A recent review by McKinsey and company (Batra et al., 2018) outline the point of consideration and potential benefits/risks of application of AL and especially for ML and DL technologies in various industries. Nine layers are identified as the type of ML/DL technology where companies from healthcare, pharmaceutical, and medical devices sectors can provide a particular single/double and multiple layers. Definition and examples of each of layer such as (1) accelerator (hardware), (2) head node (hardware), (3) interface, (4) framework (platform), (5) algorithm (platform), (6) architecture (platform), (7) methods (training), (8) data types (training), and (9) solution + use case (services). Of the AI demand and opportunity in various industries, healthcare has been identified to consist of a global market size of $5 to $10 trillion USD, with over 50 use cases, over $1.0 billion USD start-up equity, and 15 to 20% economic impact (where economic impact is the sum of the value related to all use cases divided by the global industry size). By comparison, pharmaceutical and medical products encompass <$5 trillion USD, 10 to 30 use case, <$0.5 billion USD for business start-up, but surprisingly providing >20% average AI economic impact (where the economic impact is defined as the sum of the value related to all use cases divided by the global industry size) (Batra et al., 2018).

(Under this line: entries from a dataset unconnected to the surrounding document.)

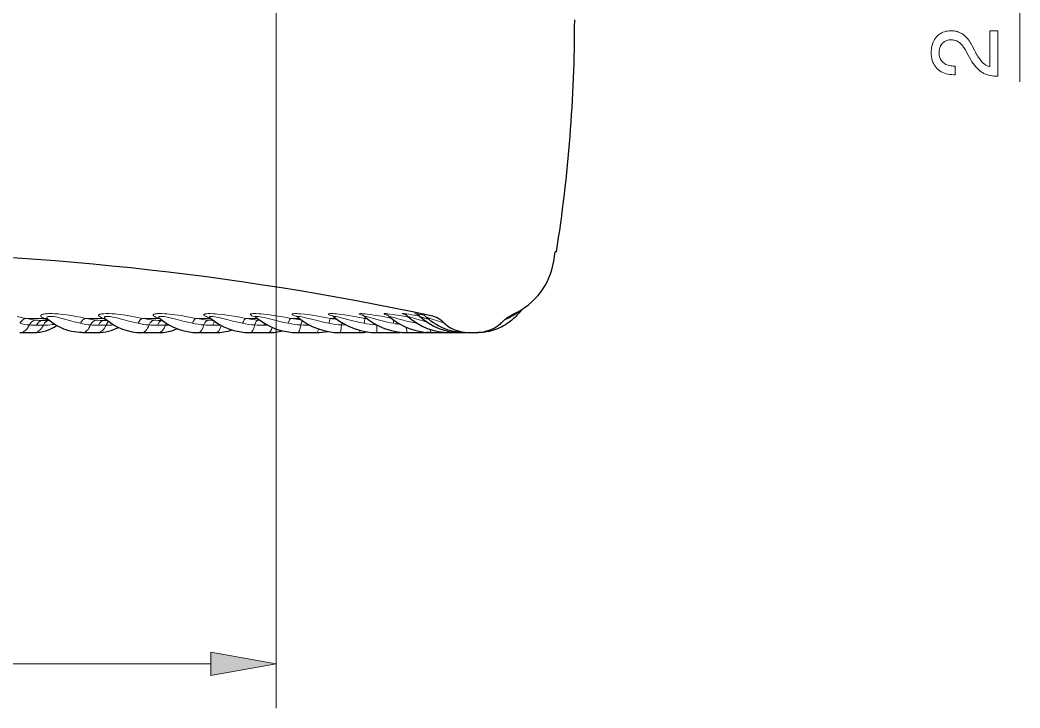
# Model space of a CAD drawing. Extents: x 0 to 297, y 0 to 535.
# Drawn here: x 166.89 to 212.12, y 94.54 to 125.68 of the extents above; entities that cross this region are included whole.
import ezdxf

# ---------------------------------------------------------------- set-up
doc = ezdxf.new("R2010")
doc.units = 0

msp = doc.modelspace()

# ---------------------------------------------------------------- linework, layer by layer
at = {"color": 7, "lineweight": 13}
for p, q in [((178.477, 138.881), (178.477, 94.539)), ((140.832, 96.539), (175.523, 96.539))]:
    msp.add_line(p, q, dxfattribs=at)
at = {"color": 7, "lineweight": 13, "ltscale": 0.26349}
msp.add_line((212.117, 122.887), (212.117, 133.427), dxfattribs=at)
at = {"color": 7, "lineweight": 30, "ltscale": 0.010636}
msp.add_line((191.034, 114.761), (191.102, 115.181), dxfattribs=at)
at = {"color": 7, "lineweight": 30, "ltscale": 0.00125}
msp.add_line((191.152, 115.181), (191.102, 115.181), dxfattribs=at)
at = {"color": 7, "lineweight": 13, "ltscale": 0.020397}
msp.add_line((167.978, 112.173), (167.162, 112.173), dxfattribs=at)
at = {"color": 7, "lineweight": 13, "ltscale": 0.019521}
msp.add_line((170.648, 112.173), (169.868, 112.173), dxfattribs=at)
at = {"color": 7, "lineweight": 30, "ltscale": 0.000900727}
msp.add_line((170.749, 112.157), (170.721, 112.178), dxfattribs=at)
at = {"color": 7, "lineweight": 13, "ltscale": 0.018432}
msp.add_line((173.182, 112.173), (172.445, 112.173), dxfattribs=at)
at = {"color": 7, "lineweight": 30, "ltscale": 0.001066}
msp.add_line((173.201, 112.181), (173.166, 112.206), dxfattribs=at)
at = {"color": 7, "lineweight": 13, "ltscale": 0.001119}
msp.add_line((173.182, 112.173), (173.225, 112.16), dxfattribs=at)
at = {"color": 7, "lineweight": 13, "ltscale": 0.000684799}
msp.add_line((173.182, 112.173), (173.21, 112.173), dxfattribs=at)
at = {"color": 7, "lineweight": 13, "ltscale": 0.016288}
msp.add_line((175.518, 112.173), (174.866, 112.173), dxfattribs=at)
at = {"color": 7, "lineweight": 13, "ltscale": 0.013123}
msp.add_line((177.63, 112.173), (177.105, 112.173), dxfattribs=at)
at = {"color": 7, "lineweight": 13, "ltscale": 0.009692}
msp.add_line((179.524, 112.173), (179.136, 112.173), dxfattribs=at)
at = {"color": 7, "lineweight": 13, "ltscale": 0.006057}
msp.add_line((181.18, 112.173), (180.937, 112.173), dxfattribs=at)
at = {"color": 7, "lineweight": 13, "ltscale": 0.002179}
msp.add_line((182.577, 112.173), (182.49, 112.173), dxfattribs=at)
at = {"color": 7, "lineweight": 13, "ltscale": 0.002829}
msp.add_line((182.601, 112.154), (182.49, 112.173), dxfattribs=at)
at = {"color": 7, "lineweight": 13, "ltscale": 0.007774}
msp.add_line((167.643, 111.867), (167.953, 111.867), dxfattribs=at)
at = {"color": 7, "lineweight": 30, "ltscale": 0.007416}
msp.add_line((168.213, 112.081), (167.917, 112.081), dxfattribs=at)
at = {"color": 7, "lineweight": 30, "ltscale": 0.000779305}
msp.add_line((168.156, 112.129), (168.132, 112.148), dxfattribs=at)
at = {"color": 7, "lineweight": 13, "ltscale": 0.001506}
msp.add_line((168.403, 111.939), (168.368, 111.891), dxfattribs=at)
at = {"color": 7, "lineweight": 13, "ltscale": 0.002216}
msp.add_line((168.455, 111.905), (168.368, 111.891), dxfattribs=at)
at = {"color": 7, "lineweight": 13, "ltscale": 0.008463}
msp.add_line((170.444, 111.867), (170.783, 111.867), dxfattribs=at)
at = {"color": 7, "lineweight": 30, "ltscale": 0.003904}
msp.add_line((170.841, 112.081), (170.685, 112.081), dxfattribs=at)
at = {"color": 7, "lineweight": 13, "ltscale": 0.00906}
msp.add_line((173.112, 111.867), (173.474, 111.867), dxfattribs=at)
at = {"color": 7, "lineweight": 13, "ltscale": 0.004357}
msp.add_line((173.474, 111.867), (173.648, 111.87), dxfattribs=at)
at = {"color": 7, "lineweight": 13, "ltscale": 0.008982}
msp.add_line((175.616, 111.867), (175.975, 111.867), dxfattribs=at)
at = {"color": 7, "lineweight": 13, "ltscale": 0.001848}
msp.add_line((177.737, 112.091), (177.664, 112.097), dxfattribs=at)
at = {"color": 7, "lineweight": 13, "ltscale": 0.004247}
msp.add_line((177.928, 111.867), (178.098, 111.867), dxfattribs=at)
at = {"color": 7, "lineweight": 13, "ltscale": 0.002541}
msp.add_line((181.459, 111.977), (181.437, 111.878), dxfattribs=at)
at = {"color": 7, "lineweight": 13, "ltscale": 0.005258}
msp.add_line((181.648, 111.87), (181.437, 111.878), dxfattribs=at)
at = {"color": 7, "lineweight": 13, "ltscale": 0.002064}
msp.add_line((182.949, 111.883), (183.032, 111.878), dxfattribs=at)
at = {"color": 7, "lineweight": 13, "ltscale": 0.008677}
msp.add_line((183.032, 111.531), (183.032, 111.878), dxfattribs=at)
at = {"color": 7, "lineweight": 13, "ltscale": 0.000440355}
msp.add_line((184.824, 111.969), (184.824, 111.951), dxfattribs=at)
at = {"color": 7, "lineweight": 13, "ltscale": 0.001048}
msp.add_line((184.865, 111.943), (184.824, 111.951), dxfattribs=at)
at = {"color": 7, "lineweight": 30, "ltscale": 0.01609}
msp.add_line((166.878, 111.531), (167.522, 111.531), dxfattribs=at)
at = {"color": 7, "lineweight": 30, "ltscale": 0.017516}
msp.add_line((169.703, 111.531), (170.404, 111.531), dxfattribs=at)
at = {"color": 7, "lineweight": 30, "ltscale": 0.01875}
msp.add_line((172.402, 111.531), (173.152, 111.531), dxfattribs=at)
at = {"color": 7, "lineweight": 30, "ltscale": 0.019779}
msp.add_line((174.945, 111.531), (175.736, 111.531), dxfattribs=at)
at = {"color": 7, "lineweight": 30, "ltscale": 0.020591}
msp.add_line((177.304, 111.531), (178.127, 111.531), dxfattribs=at)
at = {"color": 7, "lineweight": 30, "ltscale": 0.021178}
msp.add_line((179.453, 111.531), (180.3, 111.531), dxfattribs=at)
at = {"color": 7, "lineweight": 30, "ltscale": 0.021532}
for p, q in [((181.369, 111.531), (182.231, 111.531)), ((184.421, 111.531), (185.283, 111.531))]:
    msp.add_line(p, q, dxfattribs=at)
at = {"color": 7, "lineweight": 30, "ltscale": 0.02165}
msp.add_line((183.032, 111.531), (183.898, 111.531), dxfattribs=at)
at = {"color": 7, "lineweight": 13, "ltscale": 0.001167}
msp.add_line((183.898, 111.531), (183.898, 111.578), dxfattribs=at)
at = {"color": 7, "lineweight": 30, "ltscale": 0.003116}
msp.add_line((185.407, 111.534), (185.283, 111.531), dxfattribs=at)
at = {"color": 7, "lineweight": 30, "ltscale": 0.019996}
msp.add_line((185.524, 111.531), (186.324, 111.531), dxfattribs=at)
at = {"color": 7, "lineweight": 30, "ltscale": 0.012303}
msp.add_line((186.327, 111.531), (186.819, 111.531), dxfattribs=at)
at = {"color": 7, "lineweight": 30, "ltscale": 0.004472}
msp.add_line((186.821, 111.531), (187, 111.531), dxfattribs=at)
at = {"color": 7, "lineweight": 30, "ltscale": 0.009376}
msp.add_line((187.002, 111.531), (187.377, 111.531), dxfattribs=at)
at = {"color": 7, "lineweight": 30, "ltscale": 0.005672}
msp.add_line((187.385, 111.531), (187.612, 111.531), dxfattribs=at)
at = {"color": 7, "lineweight": 13}
for points in [[(211.117, 123.134), (211.104, 123.134), (211.017, 123.136), (210.932, 123.142), (210.851, 123.152), (210.772, 123.167), (210.696, 123.185), (210.623, 123.208), (210.553, 123.235), (210.486, 123.266), (210.422, 123.301), (210.361, 123.34), (210.302, 123.385), (210.242, 123.436), (210.183, 123.494), (210.123, 123.559), (210.064, 123.63), (210.005, 123.708), (209.946, 123.793), (209.887, 123.884), (209.829, 123.982), (209.77, 124.087), (209.631, 124.342), (209.606, 124.386), (209.58, 124.429), (209.553, 124.468), (209.526, 124.506), (209.499, 124.54), (209.47, 124.573), (209.442, 124.602), (209.412, 124.63), (209.382, 124.655), (209.351, 124.677), (209.32, 124.697), (209.287, 124.715), (209.254, 124.731), (209.219, 124.744), (209.183, 124.756), (209.146, 124.765), (209.108, 124.773), (209.069, 124.778), (209.029, 124.781), (208.988, 124.782), (208.941, 124.781), (208.896, 124.776), (208.853, 124.768), (208.812, 124.756), (208.772, 124.741), (208.735, 124.724), (208.699, 124.702), (208.665, 124.678), (208.633, 124.65), (208.603, 124.619), (208.575, 124.585), (208.55, 124.549), (208.528, 124.511), (208.509, 124.471), (208.493, 124.428), (208.48, 124.383), (208.47, 124.336), (208.462, 124.287), (208.458, 124.235), (208.456, 124.181), (208.458, 124.128), (208.464, 124.077), (208.473, 124.029), (208.486, 123.982), (208.503, 123.938), (208.523, 123.896), (208.547, 123.857), (208.575, 123.82), (208.607, 123.785), (208.642, 123.752), (208.68, 123.723), (208.722, 123.696), (208.766, 123.672), (208.813, 123.652), (208.862, 123.635), (208.915, 123.621), (208.97, 123.61), (209.028, 123.602), (209.089, 123.597), (209.152, 123.595), (209.188, 123.595), (209.188, 123.203), (209.127, 123.203), (209.034, 123.206), (208.945, 123.214), (208.86, 123.228), (208.779, 123.246), (208.702, 123.271), (208.629, 123.3), (208.559, 123.335), (208.494, 123.376), (208.433, 123.422), (208.375, 123.473), (208.323, 123.529), (208.276, 123.589), (208.234, 123.652), (208.198, 123.72), (208.167, 123.791), (208.142, 123.866), (208.123, 123.945), (208.109, 124.028), (208.101, 124.114), (208.098, 124.205), (208.101, 124.292), (208.108, 124.375), (208.12, 124.455), (208.138, 124.532), (208.16, 124.605), (208.187, 124.675), (208.219, 124.741), (208.256, 124.804), (208.298, 124.864), (208.345, 124.92), (208.396, 124.972), (208.45, 125.019), (208.507, 125.06), (208.567, 125.095), (208.63, 125.125), (208.696, 125.15), (208.765, 125.169), (208.838, 125.182), (208.913, 125.191), (208.992, 125.193), (209.053, 125.192), (209.113, 125.187), (209.171, 125.179), (209.228, 125.168), (209.283, 125.153), (209.336, 125.136), (209.388, 125.115), (209.439, 125.091), (209.487, 125.064), (209.535, 125.033), (209.581, 124.999), (209.626, 124.962), (209.669, 124.922), (209.711, 124.878), (209.752, 124.831), (209.792, 124.78), (209.831, 124.726), (209.868, 124.669), (209.904, 124.608), (209.939, 124.544), (210.067, 124.291), (210.104, 124.221), (210.141, 124.155), (210.177, 124.093), (210.212, 124.035), (210.246, 123.981), (210.279, 123.932), (210.312, 123.886), (210.344, 123.844), (210.376, 123.807), (210.407, 123.774), (210.437, 123.743), (210.469, 123.715), (210.501, 123.689), (210.534, 123.665), (210.567, 123.643), (210.602, 123.623), (210.637, 123.606), (210.672, 123.59), (210.709, 123.577), (210.746, 123.566), (210.746, 125.193), (211.117, 125.193)], [(175.523, 96.018), (178.477, 96.539), (175.523, 97.06)]]:
    msp.add_lwpolyline(points, close=True, dxfattribs=at)
for points in [[(166.766, 112.262), (166.961, 112.221), (167.162, 112.173)], [(167.978, 112.173), (167.937, 112.194), (167.9, 112.216), (167.871, 112.236), (167.851, 112.254), (167.838, 112.272), (167.833, 112.288), (167.833, 112.301), (167.837, 112.312), (167.844, 112.322), (167.854, 112.33), (167.875, 112.343), (167.899, 112.353), (167.926, 112.361), (167.967, 112.37), (168.01, 112.377), (168.066, 112.384), (168.126, 112.388), (168.193, 112.391), (168.263, 112.392), (168.353, 112.391), (168.446, 112.387), (168.624, 112.376), (168.813, 112.357), (169.016, 112.332), (169.214, 112.302), (169.421, 112.266), (169.638, 112.223), (169.868, 112.173)], [(168.156, 112.129), (168.132, 112.153), (168.116, 112.173), (168.108, 112.19), (168.105, 112.201), (168.104, 112.21), (168.108, 112.224), (168.115, 112.234), (168.125, 112.243), (168.142, 112.251), (168.162, 112.257), (168.185, 112.262), (168.218, 112.265), (168.253, 112.266), (168.332, 112.263), (168.419, 112.253), (168.49, 112.242), (168.565, 112.228), (168.732, 112.19), (168.854, 112.159), (169.129, 112.083), (169.337, 112.026), (169.448, 111.996), (169.625, 111.951)], [(170.648, 112.173), (170.593, 112.196), (170.542, 112.221), (170.511, 112.238), (170.486, 112.255), (170.463, 112.273), (170.45, 112.289), (170.444, 112.302), (170.442, 112.311), (170.443, 112.319), (170.446, 112.326), (170.451, 112.332), (170.464, 112.344), (170.482, 112.353), (170.503, 112.361), (170.536, 112.37), (170.573, 112.377), (170.622, 112.383), (170.676, 112.388), (170.795, 112.392), (170.926, 112.389), (171.067, 112.382), (171.178, 112.374), (171.295, 112.363), (171.42, 112.349), (171.551, 112.332), (171.827, 112.291), (171.977, 112.265), (172.134, 112.236), (172.287, 112.206), (172.445, 112.173)], [(170.749, 112.157), (170.733, 112.172), (170.721, 112.185), (170.708, 112.207), (170.705, 112.223), (170.709, 112.235), (170.717, 112.244), (170.727, 112.251), (170.744, 112.257), (170.764, 112.262), (170.787, 112.265), (170.816, 112.266), (170.847, 112.266), (170.919, 112.261), (170.972, 112.255), (171.029, 112.246), (171.154, 112.222), (171.278, 112.194), (171.415, 112.161), (171.601, 112.112), (171.811, 112.056), (172.084, 111.987), (172.233, 111.951)], [(173.182, 112.173), (173.127, 112.193), (173.073, 112.214), (173.025, 112.235), (172.985, 112.254), (172.945, 112.28), (172.922, 112.3), (172.911, 112.316), (172.909, 112.328), (172.912, 112.337), (172.921, 112.348), (172.934, 112.357), (172.951, 112.365), (172.974, 112.371), (173, 112.377), (173.064, 112.386), (173.115, 112.389), (173.17, 112.391), (173.291, 112.391), (173.424, 112.385), (173.526, 112.378), (173.634, 112.368), (173.76, 112.355), (173.894, 112.338), (174.173, 112.299), (174.389, 112.263), (174.621, 112.221), (174.866, 112.173)], [(173.201, 112.181), (173.179, 112.202), (173.168, 112.218), (173.165, 112.23), (173.166, 112.238), (173.169, 112.244), (173.174, 112.25), (173.181, 112.254), (173.2, 112.261), (173.223, 112.265), (173.26, 112.266), (173.303, 112.265), (173.35, 112.261), (173.409, 112.253), (173.474, 112.242), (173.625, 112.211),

Potential and Opportunities of AI/ML Solutions

ML, embedded in medical devices or as a standalone software, has a potential to transform clinical practice and enhance patient outcomes while cutting down the healthcare costs (Hlatky et al., 2013; Padhy et al., 2019). This transformative potential will be realized when ML algorithms: (1) replace a physician in making a clinical diagnosis, (2) help resolve a clinical question in the primary rather than specialist care setting, (3) make it possible to effectively monitor a patient at home instead of at a hospital, and (4) make an accurate judgment about the type of treatment and dose of a drug.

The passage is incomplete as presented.